Schwanau Ein versöhnlicher Abschluss

Der Schwanauer Daniel Rubin (Nummer 74) hat sich in der neuen Rennklasse etabliert und beendet die IDM-Superbike-1000-Saison auf Platz 20 der Gesamtwertung.Foto: Damon Teerink Foto: Lahrer Zeitung

Der Schwanauer Motorrad-Rennfahrer Daniel Rubin hat in Hockenheim einen versöhnlichen Saisonabschluss erlebt. In seiner erster IDM-Superbike-1000-Saison belegte der Ortenauer am Ende in der Meisterschaft den 20. Platz.

(red/fg). In Hockenheim gelangte die kurze, aber intensive IDM-Superbike-1000-Saison für das Rubin-Racing-Team zu einem soliden Abschluss. Die Yamaha-Mannschaft aus Schwanau durchlebte ein schwieriges, aber letztendlich doch versöhnliches letztes Rennwochenende.

Da Hockenheim für ihn und seine Familie die Heimstrecke ist, war Daniel Rubin topmotiviert. Vor allem das Wetter war jedoch eine Variable, die das Rennwochenende nicht gerade einfach machte.
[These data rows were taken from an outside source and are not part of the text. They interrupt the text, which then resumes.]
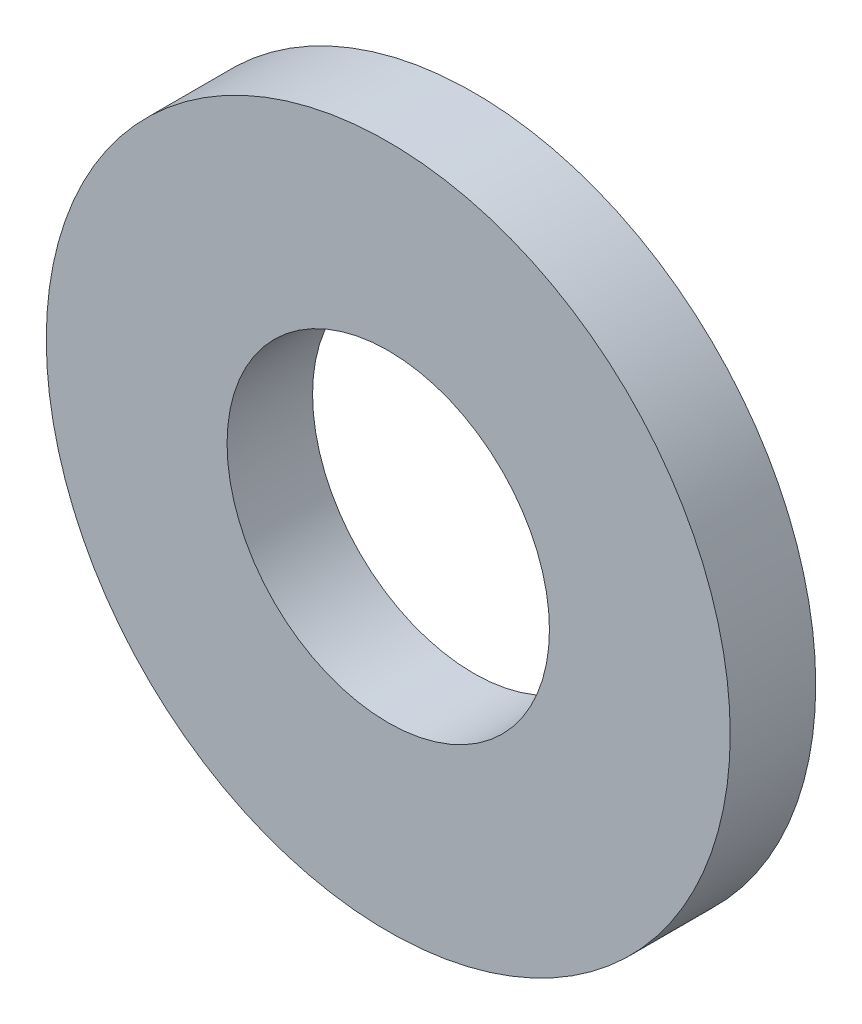
ISO-10303-21;
HEADER;
FILE_DESCRIPTION(('STEP AP214'),'2;1');
FILE_NAME('part.step','',(''),(''),'','','');
FILE_SCHEMA(('AUTOMOTIVE_DESIGN { 1 0 10303 214 1 1 1 1 }'));
ENDSEC;
DATA;
#1=APPLICATION_CONTEXT('core data for automotive mechanical design processes');
#2=APPLICATION_PROTOCOL_DEFINITION('international standard','automotive_design',2000,#1);
#3=PRODUCT_CONTEXT('',#1,'mechanical');
#4=PRODUCT('Part','Part','',(#3));
#5=PRODUCT_RELATED_PRODUCT_CATEGORY('part','',(#4));
#6=PRODUCT_DEFINITION_FORMATION('','',#4);
#7=PRODUCT_DEFINITION_CONTEXT('part definition',#1,'design');
#8=PRODUCT_DEFINITION('design','',#6,#7);
#9=PRODUCT_DEFINITION_SHAPE('','',#8);
#10=(LENGTH_UNIT() NAMED_UNIT(*) SI_UNIT(.MILLI.,.METRE.));
#11=(NAMED_UNIT(*) PLANE_ANGLE_UNIT() SI_UNIT($,.RADIAN.));
#12=(NAMED_UNIT(*) SI_UNIT($,.STERADIAN.) SOLID_ANGLE_UNIT());
#13=UNCERTAINTY_MEASURE_WITH_UNIT(LENGTH_MEASURE(1.E-05),#10,'distance_accuracy_value','');
#14=(GEOMETRIC_REPRESENTATION_CONTEXT(3) GLOBAL_UNCERTAINTY_ASSIGNED_CONTEXT((#13)) GLOBAL_UNIT_ASSIGNED_CONTEXT((#10,
#11,#12)) REPRESENTATION_CONTEXT('',''));
#15=CARTESIAN_POINT('',(0.,0.,0.));
#16=DIRECTION('',(0.,0.,1.));
#17=DIRECTION('',(1.,0.,0.));
#18=AXIS2_PLACEMENT_3D('',#15,#16,#17);
#19=CARTESIAN_POINT('',(0.,0.,1.5875));
#20=DIRECTION('',(0.,0.,1.));
#21=DIRECTION('',(1.,0.,0.));
#22=AXIS2_PLACEMENT_3D('',#19,#20,#21);
#23=PLANE('',#22);
#24=CARTESIAN_POINT('',(0.,0.,1.5875));
#25=DIRECTION('',(0.,0.,1.));
#26=DIRECTION('',(1.,0.,0.));
#27=AXIS2_PLACEMENT_3D('',#24,#25,#26);
#28=CIRCLE('',#27,6.35);
#29=CARTESIAN_POINT('',(6.35,0.,1.5875));
#30=VERTEX_POINT('',#29);
#31=EDGE_CURVE('E10',#30,#30,#28,.T.);
#32=ORIENTED_EDGE('',*,*,#31,.T.);
#33=EDGE_LOOP('',(#32));
#34=FACE_BOUND('',#33,.T.);
#35=CARTESIAN_POINT('',(0.,0.,1.5875));
#36=DIRECTION('',(0.,0.,1.));
#37=DIRECTION('',(1.,0.,0.));
#38=AXIS2_PLACEMENT_3D('',#35,#36,#37);
#39=CIRCLE('',#38,2.99299376);
#40=CARTESIAN_POINT('',(2.99299376,0.,1.5875));
#41=VERTEX_POINT('',#40);
#42=EDGE_CURVE('E41',#41,#41,#39,.T.);
#43=ORIENTED_EDGE('',*,*,#42,.F.);
#44=EDGE_LOOP('',(#43));
#45=FACE_BOUND('',#44,.T.);
#46=ADVANCED_FACE('F30',(#34,#45),#23,.T.);
#47=CARTESIAN_POINT('',(0.,0.,0.));
#48=DIRECTION('',(0.,0.,1.));
#49=DIRECTION('',(1.,0.,0.));
#50=AXIS2_PLACEMENT_3D('',#47,#48,#49);
#51=PLANE('',#50);
#52=CARTESIAN_POINT('',(0.,0.,0.));
#53=DIRECTION('',(0.,0.,1.));
#54=DIRECTION('',(1.,0.,0.));
#55=AXIS2_PLACEMENT_3D('',#52,#53,#54);
#56=CIRCLE('',#55,6.35);
#57=CARTESIAN_POINT('',(6.35,0.,0.));
#58=VERTEX_POINT('',#57);
#59=EDGE_CURVE('E34',#58,#58,#56,.T.);
#60=ORIENTED_EDGE('',*,*,#59,.F.);
#61=EDGE_LOOP('',(#60));
#62=FACE_BOUND('',#61,.T.);
#63=CARTESIAN_POINT('',(0.,0.,0.));
#64=DIRECTION('',(0.,0.,1.));
#65=DIRECTION('',(1.,0.,0.));
#66=AXIS2_PLACEMENT_3D('',#63,#64,#65);
#67=CIRCLE('',#66,2.99299376);
#68=CARTESIAN_POINT('',(2.99299376,0.,0.));
#69=VERTEX_POINT('',#68);
#70=EDGE_CURVE('E43',#69,#69,#67,.T.);
#71=ORIENTED_EDGE('',*,*,#70,.T.);
#72=EDGE_LOOP('',(#71));
#73=FACE_BOUND('',#72,.T.);
#74=ADVANCED_FACE('F53',(#62,#73),#51,.F.);
#75=CARTESIAN_POINT('',(0.,0.,1.5875));
#76=DIRECTION('',(0.,0.,-1.));
#77=DIRECTION('',(-1.,0.,0.));
#78=AXIS2_PLACEMENT_3D('',#75,#76,#77);
#79=CYLINDRICAL_SURFACE('',#78,6.35);
#80=ORIENTED_EDGE('',*,*,#31,.F.);
#81=EDGE_LOOP('',(#80));
#82=FACE_BOUND('',#81,.T.);
#83=ORIENTED_EDGE('',*,*,#59,.T.);
#84=EDGE_LOOP('',(#83));
#85=FACE_BOUND('',#84,.T.);
#86=ADVANCED_FACE('F32',(#82,#85),#79,.T.);
#87=CARTESIAN_POINT('',(0.,0.,1.5875));
#88=DIRECTION('',(0.,0.,-1.));
#89=DIRECTION('',(-1.,0.,0.));
#90=AXIS2_PLACEMENT_3D('',#87,#88,#89);
#91=CYLINDRICAL_SURFACE('',#90,2.99299376);
#92=ORIENTED_EDGE('',*,*,#42,.T.);
#93=EDGE_LOOP('',(#92));
#94=FACE_BOUND('',#93,.T.);
#95=ORIENTED_EDGE('',*,*,#70,.F.);
#96=EDGE_LOOP('',(#95));
#97=FACE_BOUND('',#96,.T.);
#98=ADVANCED_FACE('F49',(#94,#97),#91,.F.);
#99=CLOSED_SHELL('',(#46,#74,#86,#98));
#100=MANIFOLD_SOLID_BREP('B2',#99);
#101=ADVANCED_BREP_SHAPE_REPRESENTATION('',(#18,#100),#14);
#102=SHAPE_DEFINITION_REPRESENTATION(#9,#101);
ENDSEC;
END-ISO-10303-21;

Bereits Freitag öffnete der Himmel seine Schleusen und auch am Samstag ließ der Regen nicht auf sich warten. Für den 22-jährigen Schwanauer endete der Kampf um die Startpositionen deshalb frühzeitig, er stürzte im entscheidenden Qualifying. Das Resultat: Startplatz 27.

Nach vorne gekämpft

Am Rennsonntag meinte es Petrus dann besser mit den Rennfahrern, zum Start des ersten Laufs war die Strecke relativ trocken. Rubin nutzte die Gelegenheit, startete eine Aufholjagd und wurde am Ende 13. "Wir hatten mit dem Wetter am Sonntag viel Glück, auch wenn es im ersten Rennen teilweise neben der Ideallinie noch etwas nass war. Von Platz 27 aus bin ich leider im ersten Lauf schlecht weggekommen. Ich konnte mich aber weiter nach vorn kämpfen. Durch die nassen Stellen war es etwas schwierig zu überholen und man musste viel Risiko gehen. Am Ende konnte ich drei Meisterschaftspunkte mitnehmen", sagte Rubin über das erste Rennen.

Ähnlich lief es im zweiten Lauf, bei dem auch die letzten nassen Flecken verschwunden waren. Rubin arbeitete sich in die hinteren Punkteränge vor und holte einen Meisterschaftspunkt. Somit wurde der Schwanauer Rennfahrer – trotz zwei verpasster Rennen auf dem Sachsenring – in der Gesamtwertung 20. "Leider haben uns drei Stürze bei vier Veranstaltungen mächtig eingebremst. Ein Blick auf die Quali-Zeiten bei Daniels erstem Renneinsatz in Assen lässt aber hoffen. Dort konnte er auch im ersten Rennen Top-Acht-Zeiten fahren", fasste Teamchef Hubert Rubin die Saison seines Sohnes zusammen.

Fahrer ist recht zufrieden

"Die Saison könnte man mit ›Kurz, aber schmerzvoll‹ zusammenfassen. Sie hat gut angefangen und ich war positiv gestimmt, aber der Sachsenring-Sturz war leider ein ziemlicher Rückschlag. In Hockenheim haben wir versucht, das Beste draus zu machen und das hat geklappt", zog der Schwanauer Daniel Rubin nach dem letzten Rennen ein versöhnliches Fazit seiner ersten Saison in der neuen Rennklasse.